Data for the task:
========================================================================
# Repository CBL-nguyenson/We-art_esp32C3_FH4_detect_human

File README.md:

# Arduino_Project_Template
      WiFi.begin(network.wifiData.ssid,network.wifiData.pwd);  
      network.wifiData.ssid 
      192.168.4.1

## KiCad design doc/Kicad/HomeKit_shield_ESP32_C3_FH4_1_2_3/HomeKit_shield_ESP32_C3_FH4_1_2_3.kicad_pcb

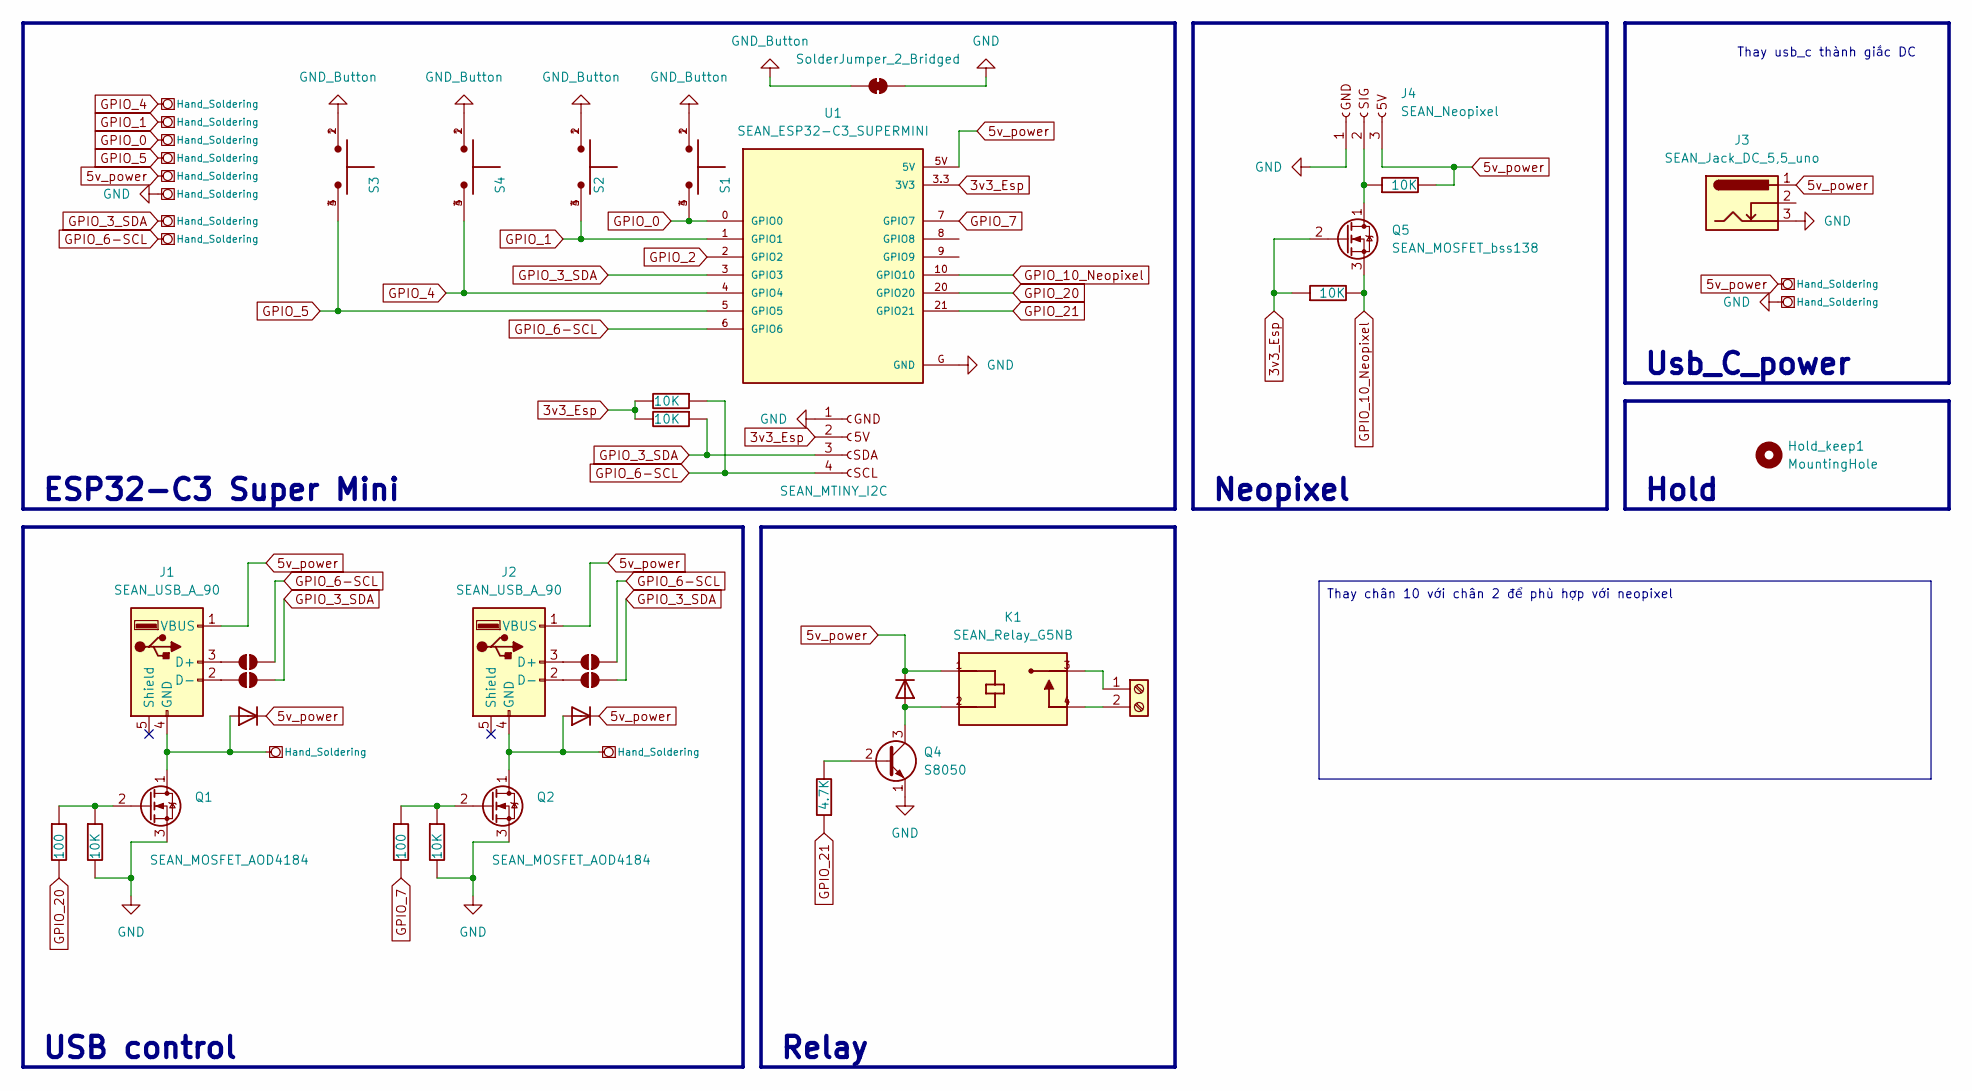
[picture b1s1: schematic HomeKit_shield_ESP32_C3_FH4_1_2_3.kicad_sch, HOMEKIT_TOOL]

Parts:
D1, D2, D3: SEAN_D; SEAN_Diode_1N4007
Hold_keep1: MountingHole; SEAN_MountingHole_3mm_isolated
J1, J2: SEAN_USB_A_90
J3: SEAN_Jack_DC_5,5_uno; SEAN_Jack_DC_5,5_uno_
J4: SEAN_Neopixel
J5: SEAN_MTINY_I2C; SEAN_Mtiny_I2C
JP1, JP2, JP3, JP4: SolderJumper_2_Open; SolderJumper-2_P1.3mm_Open_TrianglePad1.0x1.5mm
JP5: SolderJumper_2_Bridged; SolderJumper-2_P1.3mm_Bridged_RoundedPad1.0x1.5mm
K1: SEAN_Relay_G5NB; SEAN_RELAY_HF46F; PARTREV 1.00
Q1, Q2: SEAN_MOSFET_AOD4184
Q4: S8050; SOT-23-3
Q5: SEAN_MOSFET_bss138
R1, R2, R6, R7, R9, R11: 10K; R_0603_1608Metric_Pad0.98x0.95mm_HandSolder
R3: 4.7K; R_0603_1608Metric_Pad0.98x0.95mm_HandSolder
R4, R5: 100; R_0603_1608Metric_Pad0.98x0.95mm_HandSolder
S1, S2, S3, S4: SEAN_Button_4.2x3.3_SMD_V1
SEAN_Mtiny_Terminal_3.81: SEAN_Mtiny_Terminal_3.81
U1: SEAN_ESP32-C3_SUPERMINI
U2, U3, U4, U5, U6, U7, U8, U9, U10, U11, U12, U13: SEAN_Hand_Solderring

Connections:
3v3_Esp: J5.2 (5V), Q5.2 (G), R6.1, R7.2, R11.2, U1.3.3 (3V3)
5v_power: D1.1 (K), D2.1 (K), D3.1 (K), J1.1 (VBUS), J2.1 (VBUS), J3.1, J4.3 (SDA), K1.1, R9.2, U1.5V, U3.1 (Hand_Soldering), U5.1 (Hand_Soldering)
GND: J3.3, J4.1 (GND), J5.1 (GND), JP5.2 (B), Q1.3 (S), Q2.3 (S), Q4.1 (E), R1.2, R2.2, U1.G (GND), U8.1 (Hand_Soldering), U13.1 (Hand_Soldering)
GND_Button: JP5.1 (A), S1.1, S1.2, S2.1, S2.2, S3.1, S3.2, S4.1, S4.2
GPIO_0: S1.3, S1.4, U1.0 (GPIO0), U6.1 (Hand_Soldering)
GPIO_1: S2.3, S2.4, U1.1 (GPIO1), U7.1 (Hand_Soldering)
GPIO_2: U1.2 (GPIO2)
GPIO_3_SDA: J5.3 (SDA), JP2.2 (B), JP3.2 (B), R7.1, U1.3 (GPIO3), U11.1 (Hand_Soldering)
GPIO_4: S4.3, S4.4, U1.4 (GPIO4), U2.1 (Hand_Soldering)
GPIO_5: S3.3, S3.4, U1.5 (GPIO5), U4.1 (Hand_Soldering)
GPIO_6-SCL: J5.4 (SCL), JP1.2 (B), JP4.2 (B), R11.1, U1.6 (GPIO6), U12.1 (Hand_Soldering)
GPIO_7: R5.2, U1.7 (GPIO7)
GPIO_10_Neopixel: Q5.3 (S), R6.2, U1.10 (GPIO10)
GPIO_20: R4.2, U1.20 (GPIO20)
GPIO_21: R3.1, U1.21 (GPIO21)
unnamed: D1.2 (A), J1.4 (GND), Q1.1 (D), U10.1 (Hand_Soldering)
unnamed: D2.2 (A), J2.4 (GND), Q2.1 (D), U9.1 (Hand_Soldering)
unnamed: D3.2 (A), K1.2, Q4.3 (C)
unnamed: J1.3 (D+), JP4.1 (A)
unnamed: J1.2 (D-), JP3.1 (A)
unnamed: J2.3 (D+), JP1.1 (A)
unnamed: J2.2 (D-), JP2.1 (A)
unnamed: J4.2 (5V), Q5.1 (D), R9.1
unnamed: Q1.2 (G), R1.1, R4.1
unnamed: Q2.2 (G), R2.1, R5.1
unnamed: Q4.2 (B), R3.2
unnamed: K1.3, SEAN_Mtiny_Terminal_3.81.1
unnamed: K1.4, SEAN_Mtiny_Terminal_3.81.2

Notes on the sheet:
Thay chân 10 với chân 2 để phù hợp với neopixel
Relay
ESP32-C3 Super Mini
Thay usb_c thành giắc DC
Hold
Usb_C_power
Neopixel
USB control

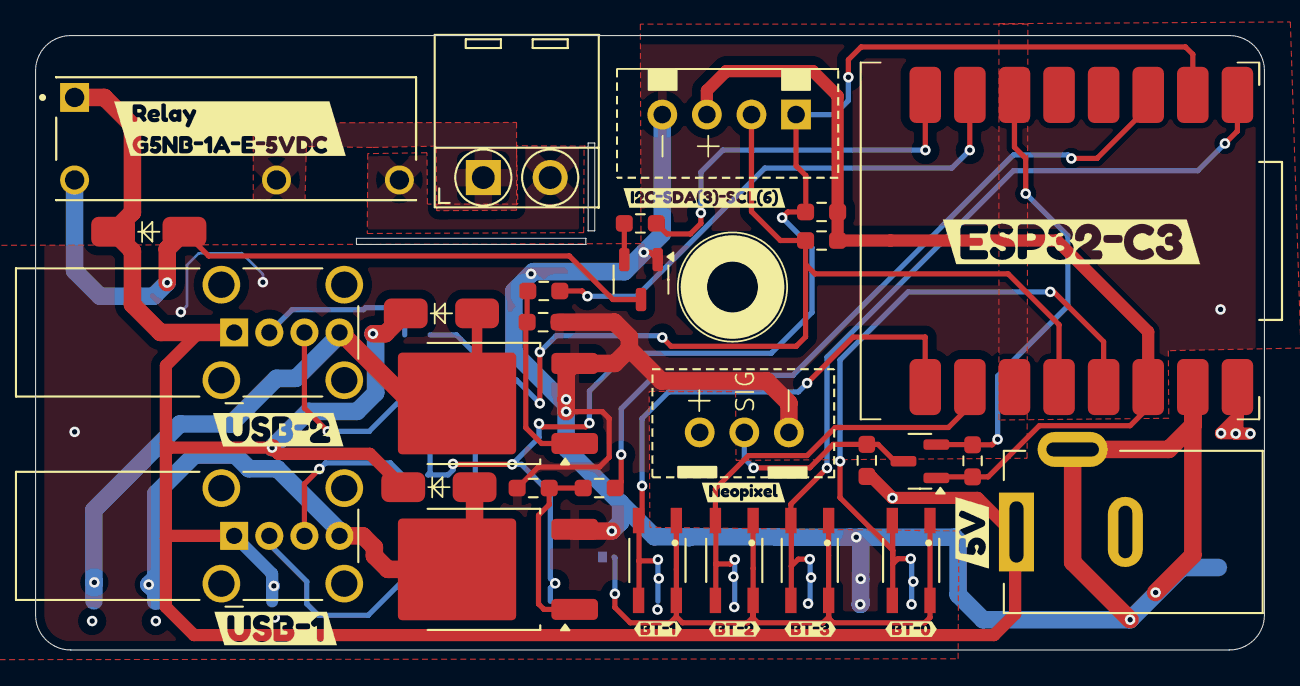
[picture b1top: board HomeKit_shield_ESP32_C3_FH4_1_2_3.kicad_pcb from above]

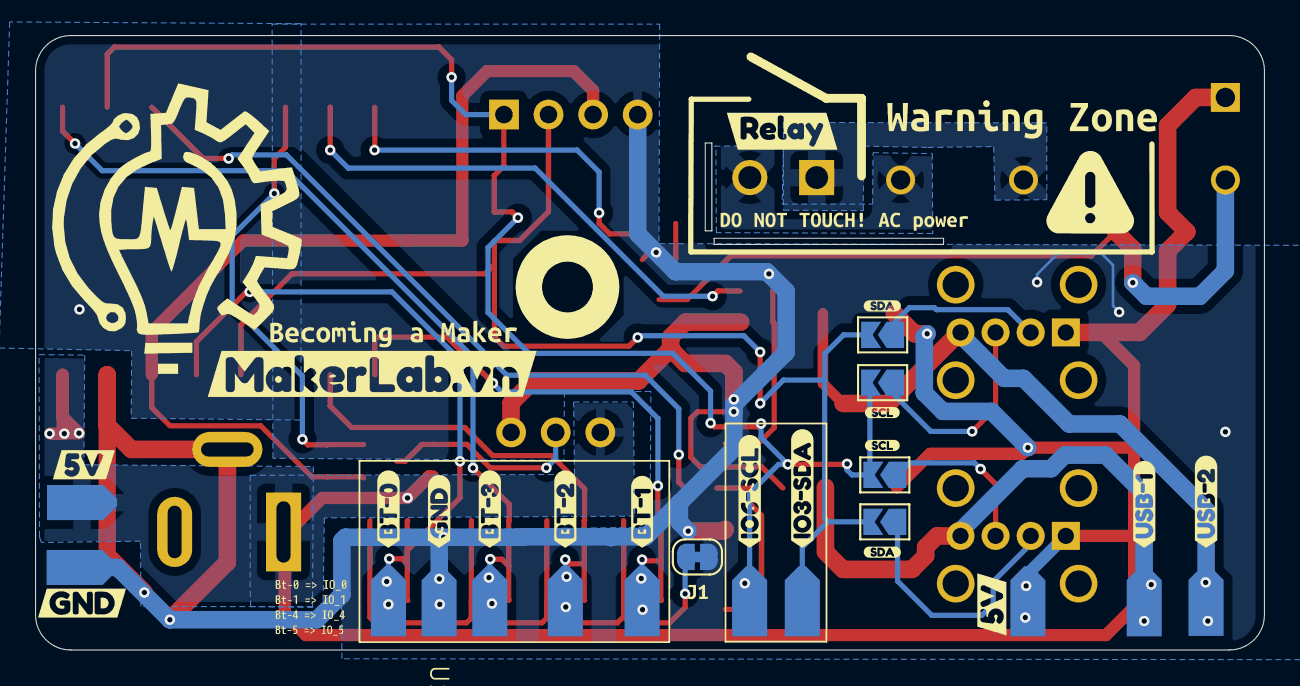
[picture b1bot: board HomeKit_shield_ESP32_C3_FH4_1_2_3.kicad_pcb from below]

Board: 2 copper layers, 70.0 x 35.0 mm, 80 parts (40 on the bottom side), 27 nets.

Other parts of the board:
kibuzzard-66915A6A: G***; kibuzzard-66915A6A
kibuzzard-66915A63: G***; kibuzzard-66915A63
kibuzzard-66915A71: G***; kibuzzard-66915A71
kibuzzard-66915B67: G***; kibuzzard-66915B67
kibuzzard-66915B77: G***; kibuzzard-66915B77
kibuzzard-66915BCA: G***; kibuzzard-66915BCA
kibuzzard-66915BD3: G***; kibuzzard-66915BD3
kibuzzard-66915CB6: G***; kibuzzard-66915CB6
kibuzzard-66915CF0: G***; kibuzzard-66915CF0
kibuzzard-66916D4E: G***; kibuzzard-66916D4E
kibuzzard-66916DF7: G***; kibuzzard-66916DF7
kibuzzard-66916E00: G***; kibuzzard-66916E00
kibuzzard-66916E83: G***; kibuzzard-66916E83
kibuzzard-66916FF3: G***; kibuzzard-66916FF3
kibuzzard-66920A01: G***; kibuzzard-66920A01
kibuzzard-66935D98, kibuzzard-66935D98#2: G***; kibuzzard-66935D98
kibuzzard-66935DA9, kibuzzard-66935DA9#2: G***; kibuzzard-66935DA9
kibuzzard-66935E99: G***; kibuzzard-66935E99
kibuzzard-66938FC6: G***; kibuzzard-66938FC6
kibuzzard-66940ABD: G***; kibuzzard-66940ABD
kibuzzard-66940BD0: G***; kibuzzard-66940BD0
kibuzzard-66940CA3: G***; kibuzzard-66940CA3
kibuzzard-669170D7: G***; kibuzzard-669170D7
kibuzzard-669170EF: G***; kibuzzard-669170EF
kibuzzard-669170F7: G***; kibuzzard-669170F7
kibuzzard-669206A7: G***; kibuzzard-669206A7
kibuzzard-669409A1: G***; kibuzzard-669409A1
kibuzzard-6691741D: G***; kibuzzard-6691741D
kibuzzard-66917101: G***; kibuzzard-66917101
kibuzzard-66917287: G***; kibuzzard-66917287
kibuzzard-66917505: G***; kibuzzard-66917505
kibuzzard-66920690: G***; kibuzzard-66920690

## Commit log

2024-05-05 test
2024-05-08 save
2024-05-10 Homespan
2024-05-10 Send-sensor
2024-05-11 quá mệt mỏi
2024-05-15 Detect_human_homespan chạy oke
2024-05-17 Da chay
2024-05-24 Fan Set okeeee
2024-05-24 bi khung rui
2024-05-25 Okeee đã chạy
2024-05-25 Run Yeeeeeeeeeeeee
2024-05-26 Change
2024-05-26 Manager files
2024-05-26 Update LICENSE
2024-05-26 y24m05d26: Learn Wifi_AP_mode
2024-05-28 Quá đau khổ
2024-05-28 network
2024-05-28 28/5 bị khùng phần string
2024-05-28 28/5 ngu thui
2024-05-29 Picture
2024-05-30 Network_run
2024-05-30 Network_html
2024-06-07 Kicad
2024-06-26 Pixel
2024-07-18 auto AP Wifi
========================================================================
Task item: In the listing above, find the line with "Thay usb_c thành giắc DC" and output it and every line after it up to and including the line with "kibuzzard-66915A71: G***; kibuzzard-66915A71", exactly, minus the pictures.

Response box:
Thay usb_c thành giắc DC
Hold
Usb_C_power
Neopixel
USB control

[picture b1top: board HomeKit_shield_ESP32_C3_FH4_1_2_3.kicad_pcb from above]

[picture b1bot: board HomeKit_shield_ESP32_C3_FH4_1_2_3.kicad_pcb from below]

Board: 2 copper layers, 70.0 x 35.0 mm, 80 parts (40 on the bottom side), 27 nets.

Other parts of the board:
kibuzzard-66915A6A: G***; kibuzzard-66915A6A
kibuzzard-66915A63: G***; kibuzzard-66915A63
kibuzzard-66915A71: G***; kibuzzard-66915A71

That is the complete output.